3. Uncheck the following:

• Delete Newsgroup cache
• Delete Newsgroup Subscriptions
• Scan local drives for temporary files

4. Click OK
5. Press the CleanUp! button to start the program.


* * * * * *


This will clear the infected files from the System Volume Information folder
Go to Start >> Run - type control sysdm.cpl,,4 & press Enter

• Tick on the checkbox - Turn off System Restore on all drives
• Click Apply

Turn it back 'On' by unticking the same checkbox & click OK


* * * * * *


Reboot the machine & post the following logs:

1. fresh Hijackthis log.
2. Q-Log.tx (if available)
3. The uninstall command for BLM2.44.00

* * * * * *


After you have posted the required logs, I shall require you to update your copy of Sun's java. Older versions of Java have been identified as entry for malware.

Updating Java and Clearing Cache

1. Go to Start > Control Panel double-click on the Java Icon (coffee cup) in the Control Panel.
2. It will say "Java Plug-in" under the icon.
3. If it is not visible, click on 'Switch to Classic View' in the left pane of the Control Panel or 'Other Control Panel Options'
4. Please find the Update button or tab in the Java Control Panel.

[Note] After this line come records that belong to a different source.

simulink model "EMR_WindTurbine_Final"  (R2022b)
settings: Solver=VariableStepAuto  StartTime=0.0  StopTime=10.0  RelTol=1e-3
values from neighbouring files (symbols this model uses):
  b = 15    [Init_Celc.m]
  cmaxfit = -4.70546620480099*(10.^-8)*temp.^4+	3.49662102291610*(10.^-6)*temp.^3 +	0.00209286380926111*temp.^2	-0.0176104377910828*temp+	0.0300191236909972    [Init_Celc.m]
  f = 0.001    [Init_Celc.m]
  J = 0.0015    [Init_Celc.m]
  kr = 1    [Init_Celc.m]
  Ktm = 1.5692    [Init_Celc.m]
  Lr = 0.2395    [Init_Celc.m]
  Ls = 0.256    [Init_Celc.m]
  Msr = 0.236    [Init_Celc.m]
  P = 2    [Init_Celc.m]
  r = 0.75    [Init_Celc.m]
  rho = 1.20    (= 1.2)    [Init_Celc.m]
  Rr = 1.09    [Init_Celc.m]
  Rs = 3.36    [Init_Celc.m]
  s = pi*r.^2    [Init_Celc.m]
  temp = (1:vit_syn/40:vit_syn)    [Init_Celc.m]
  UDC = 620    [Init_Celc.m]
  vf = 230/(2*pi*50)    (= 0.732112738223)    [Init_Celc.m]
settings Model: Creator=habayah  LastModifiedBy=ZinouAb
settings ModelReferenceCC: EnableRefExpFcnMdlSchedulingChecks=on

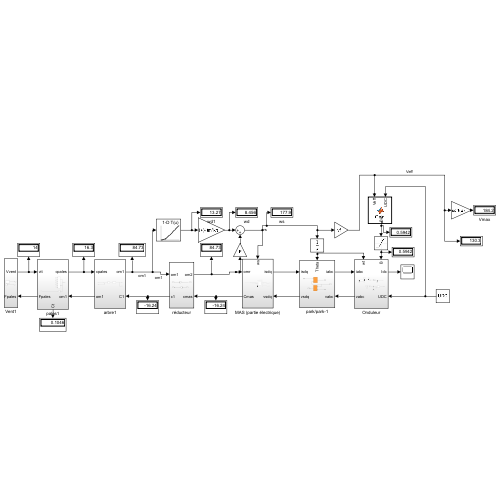
[thumbnail: Simulink's stored preview of the top-level diagram]
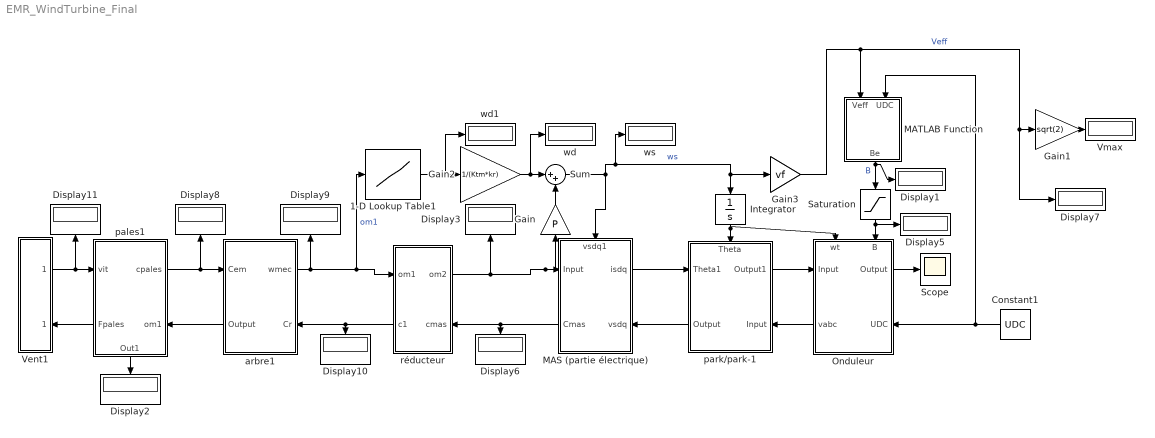
== system EMR_WindTurbine_Final ==
  1-D Lookup Table1 : Lookup_n-D  NumberOfTableDimensions=1  BreakpointsForDimension1=temp  Table=cmaxfit  InternalRulePriority=Speed  RndMeth=Simplest
  Constant1 : Constant  Value=UDC
  Display{1..3,5..11} (10 alike) : Display
  Gain : Gain  Gain=P
  Gain1 : Gain  Gain=sqrt(2)
  Gain2 : Gain  Gain=1/(Ktm*kr)
  Gain3 : Gain  Gain=vf
  Integrator : Integrator
  MAS (partie électrique) : Subsystem
      settings: PortSchema="{\"entries\":[{\"content\":{\"sides\":[{\"content\":{\"connectorIds\":[\"Out2\",\"In1\"]},\"type\":\"ConnectorPlacement.EquallySpacedRectSide\",\"uuid\":\"2ecec5eb-5bb6-4f05-bbbb-1a51ae98f814\"},{\"content\":{\"connectorIds\":[\"In3\",\"Out1\"],\"side\":\"RIGHT\"},\"type\":\"ConnectorPlacement.EquallySpacedRectSide\",\"uuid\":\"ddc3d36f-31b1-43d5-b617-6997f76d08f1\"},{\"content\":{\"connectorIds\":[\"In2\"],\"side\":\"TOP\"},\"type\":\"ConnectorPlacement.EquallySpacedRectSide\",\"uuid\":\"42603242-cda1-4bb2-8cac-1b3409f39577\"}]},\"type\":\"ConnectorPlacement.EquallySpacedConnector\",\"uuid\":\"febb8687-16a8-4638-bd43-9ebf443fd4bd\"}],\"packageUris\":[\"http://schema.mathworks.com/mf0/Connector/R2020b\"],\"version\":\"1.0\"}"
  MATLAB Function : MATLAB Function  TreatAsAtomicUnit=on
  Onduleur : Subsystem
      settings: PortSchema="{\"entries\":[{\"content\":{\"sides\":[{\"content\":{\"connectorIds\":[\"In1\",\"Out2\"]},\"type\":\"ConnectorPlacement.EquallySpacedRectSide\",\"uuid\":\"b96697a1-7390-4a4c-a090-1d4840f94579\"},{\"content\":{\"connectorIds\":[\"Out1\",\"In4\"],\"side\":\"RIGHT\"},\"type\":\"ConnectorPlacement.EquallySpacedRectSide\",\"uuid\":\"06d1d8c6-d481-421b-9786-6ed8bea33fb5\"},{\"content\":{\"connectorIds\":[\"In2\",\"In3\"],\"side\":\"TOP\"},\"type\":\"ConnectorPlacement.EquallySpacedRectSide\",\"uuid\":\"2e081ee8-1238-4450-99c4-3d0e60d3e391\"}]},\"type\":\"ConnectorPlacement.EquallySpacedConnector\",\"uuid\":\"e9990dc2-fc0c-4c65-980c-f90091d8c920\"}],\"packageUris\":[\"http://schema.mathworks.com/mf0/Connector/R2020b\"],\"version\":\"1.0\"}"
  Saturation : Saturate  UpperLimit=1  LowerLimit=0
  Scope : Scope
  Sum : Sum  Inputs=|++
  Vent1 : Subsystem
      settings: PortSchema="{\"entries\":[{\"content\":{\"sides\":[{\"content\":{\"connectorIds\":[]},\"type\":\"ConnectorPlacement.EquallySpacedRectSide\",\"uuid\":\"be9e5db0-62db-41cd-9655-d6d790779573\"},{\"content\":{\"connectorIds\":[\"Out1\",\"In1\"],\"side\":\"RIGHT\"},\"type\":\"ConnectorPlacement.EquallySpacedRectSide\",\"uuid\":\"b5e788b3-1e5f-4899-a162-7a564b67bc63\"},{\"content\":{\"connectorIds\":[],\"side\":\"TOP\"},\"type\":\"ConnectorPlacement.EquallySpacedRectSide\",\"uuid\":\"cac5ef03-1794-4810-a86f-81d9785b0908\"}]},\"type\":\"ConnectorPlacement.EquallySpacedConnector\",\"uuid\":\"fdefeacd-144d-477b-b7c5-141053c244e1\"}],\"packageUris\":[\"http://schema.mathworks.com/mf0/Connector/R2020b\"],\"version\":\"1.0\"}"
  Vmax : Display
  arbre1 : Subsystem
      settings: PortSchema="{\"entries\":[{\"content\":{\"sides\":[{\"content\":{\"connectorIds\":[\"In1\",\"Out2\"]},\"type\":\"ConnectorPlacement.EquallySpacedRectSide\",\"uuid\":\"b8908f99-787f-4ebd-a8c4-361ef654133e\"},{\"content\":{\"connectorIds\":[\"Out1\",\"In2\"],\"side\":\"RIGHT\"},\"type\":\"ConnectorPlacement.EquallySpacedRectSide\",\"uuid\":\"e7049b46-0747-4182-8580-458ffa90f1c3\"},{\"content\":{\"connectorIds\":[],\"side\":\"TOP\"},\"type\":\"ConnectorPlacement.EquallySpacedRectSide\",\"uuid\":\"013bc89f-8670-489b-af07-681a8894793a\"}]},\"type\":\"ConnectorPlacement.EquallySpacedConnector\",\"uuid\":\"dba8a148-0e4d-4308-b676-65e370746724\"}],\"packageUris\":[\"http://schema.mathworks.com/mf0/Connector/R2020b\"],\"version\":\"1.0\"}"
  pales1 : Subsystem
      settings: PortSchema="{\"entries\":[{\"content\":{\"sides\":[{\"content\":{\"connectorIds\":[\"In1\",\"Out3\"]},\"type\":\"ConnectorPlacement.EquallySpacedRectSide\",\"uuid\":\"2ecec5eb-5bb6-4f05-bbbb-1a51ae98f814\"},{\"content\":{\"connectorIds\":[\"Out1\",\"In2\"],\"side\":\"RIGHT\"},\"type\":\"ConnectorPlacement.EquallySpacedRectSide\",\"uuid\":\"ddc3d36f-31b1-43d5-b617-6997f76d08f1\"},{\"content\":{\"connectorIds\":[],\"side\":\"TOP\"},\"type\":\"ConnectorPlacement.EquallySpacedRectSide\",\"uuid\":\"42603242-cda1-4bb2-8cac-1b3409f39577\"},{\"content\":{\"connectorIds\":[\"Out2\"],\"side\":\"BOTTOM\"},\"type\":\"ConnectorPlacement.EquallySpacedRectSide\",\"uuid\":\"35b11503-f988-4bb4-a280-dcf5d49d8570\"}]},\"type\":\"ConnectorPlacement.EquallySpacedConnector\",\"uuid\":\"febb8687-16a8-4638-bd43-9ebf443fd4bd\"}],\"packageUris\":[\"http://schema.mathworks.com/mf0/Connector/R2020b\"],\"version\":\"1.0\"}"
  park/park-1 : Subsystem
      settings: PortSchema="{\"entries\":[{\"content\":{\"sides\":[{\"content\":{\"connectorIds\":[\"In1\",\"Out2\"]},\"type\":\"ConnectorPlacement.EquallySpacedRectSide\",\"uuid\":\"83ad06b1-0178-473a-86b5-0d897bfdf029\"},{\"content\":{\"connectorIds\":[\"Out1\",\"In3\"],\"side\":\"RIGHT\"},\"type\":\"ConnectorPlacement.EquallySpacedRectSide\",\"uuid\":\"370b5efa-4dd6-4b26-a8f3-51e0a3b4d610\"},{\"content\":{\"connectorIds\":[\"In2\"],\"side\":\"TOP\"},\"type\":\"ConnectorPlacement.EquallySpacedRectSide\",\"uuid\":\"4ed8d0b1-afea-41b0-b5a1-8f5ae24d8944\"},{\"content\":{\"connectorIds\":[],\"side\":\"BOTTOM\"},\"type\":\"ConnectorPlacement.EquallySpacedRectSide\",\"uuid\":\"28d6add2-f293-47f7-8dcb-eb46b3627242\"}]},\"type\":\"ConnectorPlacement.EquallySpacedConnector\",\"uuid\":\"0d95acdc-2677-48aa-afd9-0dc380a25251\"}],\"packageUris\":[\"http://schema.mathworks.com/mf0/Connector/R2020b\"],\"version\":\"1.0\"}"
  réducteur : Subsystem
      settings: PortSchema="{\"entries\":[{\"content\":{\"sides\":[{\"content\":{\"connectorIds\":[\"In1\",\"Out2\"]},\"type\":\"ConnectorPlacement.EquallySpacedRectSide\",\"uuid\":\"2ecec5eb-5bb6-4f05-bbbb-1a51ae98f814\"},{\"content\":{\"connectorIds\":[\"Out1\",\"In2\"],\"side\":\"RIGHT\"},\"type\":\"ConnectorPlacement.EquallySpacedRectSide\",\"uuid\":\"ddc3d36f-31b1-43d5-b617-6997f76d08f1\"},{\"content\":{\"connectorIds\":[],\"side\":\"TOP\"},\"type\":\"ConnectorPlacement.EquallySpacedRectSide\",\"uuid\":\"42603242-cda1-4bb2-8cac-1b3409f39577\"}]},\"type\":\"ConnectorPlacement.EquallySpacedConnector\",\"uuid\":\"febb8687-16a8-4638-bd43-9ebf443fd4bd\"}],\"packageUris\":[\"http://schema.mathworks.com/mf0/Connector/R2020b\"],\"version\":\"1.0\"}"
  wd : Display
  wd1 : Display
  ws : Display
  wires:
  réducteur/1(om2) -> Display3/1, MAS (partie électrique)/3(Input), Gain/1
  MAS (partie électrique)/1(Cmas) -> Display6/1, réducteur/2(cmas)
  MAS (partie électrique)/2(isdq) -> park/park-1/1(Theta1)
  park/park-1/2(Output) -> MAS (partie électrique)/1(vsdq)
  Gain/1 -> Sum/2
  Integrator/1 -> Onduleur/2(wt), park/park-1/2(Theta)
  Gain2/1 -> wd/1, Sum/1
  Vent1/1(Out1) -> Display11/1, pales1/1(vit)
  réducteur/2(c1) -> arbre1/2(Cr), Display10/1
  pales1/1(cpales) -> arbre1/1(Cem), Display8/1
  arbre1/1(wmec) -> réducteur/1(om1), 1-D Lookup Table1/1, Display9/1  "om1"
  arbre1/2(Output) -> pales1/2(om1)
  pales1/3(Fpales) -> Vent1/1(In1)
  Sum/1 -> MAS (partie électrique)/2(vsdq1), ws/1, Integrator/1, Gain3/1  "ws"
  Gain1/1 -> Vmax/1
  Saturation/1 -> Onduleur/3(B), Display5/1
  Gain3/1 -> Display7/1, Gain1/1, MATLAB Function/1(Veff)  "Veff"
  MATLAB Function/1(Be) -> Display1/1, Saturation/1  "B"
  Constant1/1 -> Onduleur/4(UDC), MATLAB Function/2(UDC)
  Onduleur/2(vabc) -> park/park-1/3(Input)
  park/park-1/1(Output1) -> Onduleur/1(Input)
  Onduleur/1(Output) -> Scope/1
  pales1/2(Out1) -> Display2/1
  1-D Lookup Table1/1 -> wd1/1, Gain2/1

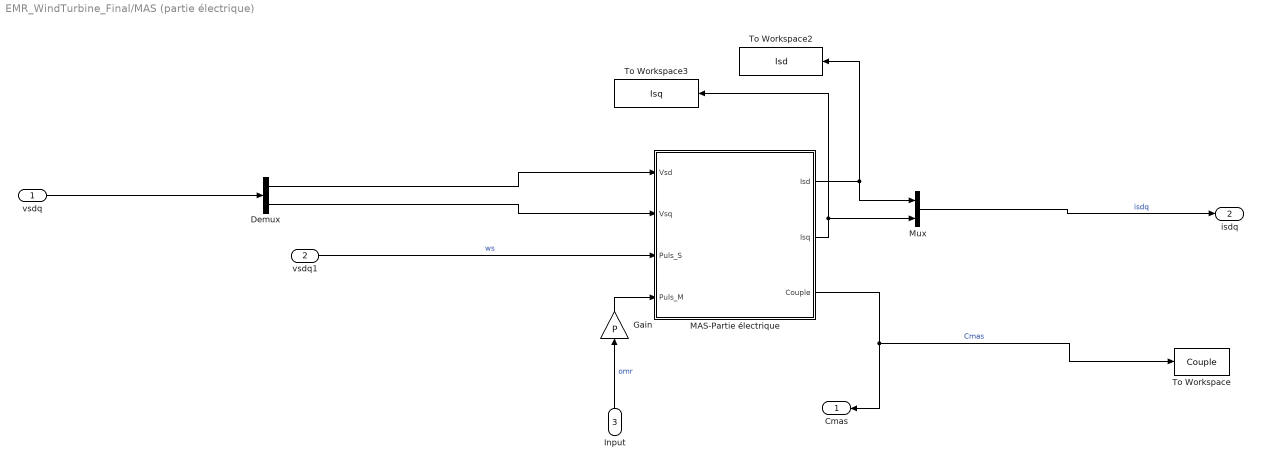
== system EMR_WindTurbine_Final/MAS (partie électrique) ==
  vsdq : Inport
  vsdq1 : Inport  Port=2
  Input : Inport  Port=3
  Demux : Demux  Outputs=2
  Gain : Gain  Gain=P
  MAS-Partie électrique : Subsystem
  Mux : Mux  Inputs=2
  To Workspace : ToWorkspace  VariableName=Couple  SampleTime=-1
      settings: Save2DSignal=2-D array (concatenate along first dimension)
  To Workspace2 : ToWorkspace  VariableName=Isd  SaveFormat=Timeseries  SampleTime=-1
  To Workspace3 : ToWorkspace  VariableName=Isq  SaveFormat=Timeseries  SampleTime=-1
  Cmas : Outport
  isdq : Outport  Port=2
  wires:
  MAS-Partie électrique/2(Isq) -> Mux/2, To Workspace3/1
  MAS-Partie électrique/3(Couple) -> Cmas/1, To Workspace/1  "Cmas"
  Demux/2 -> MAS-Partie électrique/2(Vsq)
  MAS-Partie électrique/1(Isd) -> Mux/1, To Workspace2/1
  Gain/1 -> MAS-Partie électrique/4(Puls_M)
  Input/1 -> Gain/1  "omr"
  Demux/1 -> MAS-Partie électrique/1(Vsd)
  Mux/1 -> isdq/1  "isdq"
  vsdq/1 -> Demux/1
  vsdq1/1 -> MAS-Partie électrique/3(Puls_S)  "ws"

Update your Java then reboot.
5. If you are unable to update you can manually update by going here:
   
   http://www.java.com/en/download/manual.jsp
   
   
6. After the reboot, go back into the Control Panel and double-click the Java Icon.
7. Under the Advanced Tab, click <Applet> tag support and select the browser(s) you are using.
8. Under Temporary Internet Files, click the Delete Files button.
9. There are three options in the window to clear the cache - Leave ALL 3 Checked
   • Downloaded Applets
     Downloaded Applications
     Other Files
10. Click OK on Delete Temporary Files Window
    Note: This deletes ALL the Downloaded Applications and Applets from the CACHE.
11. Click OK to leave the Java Control Panel.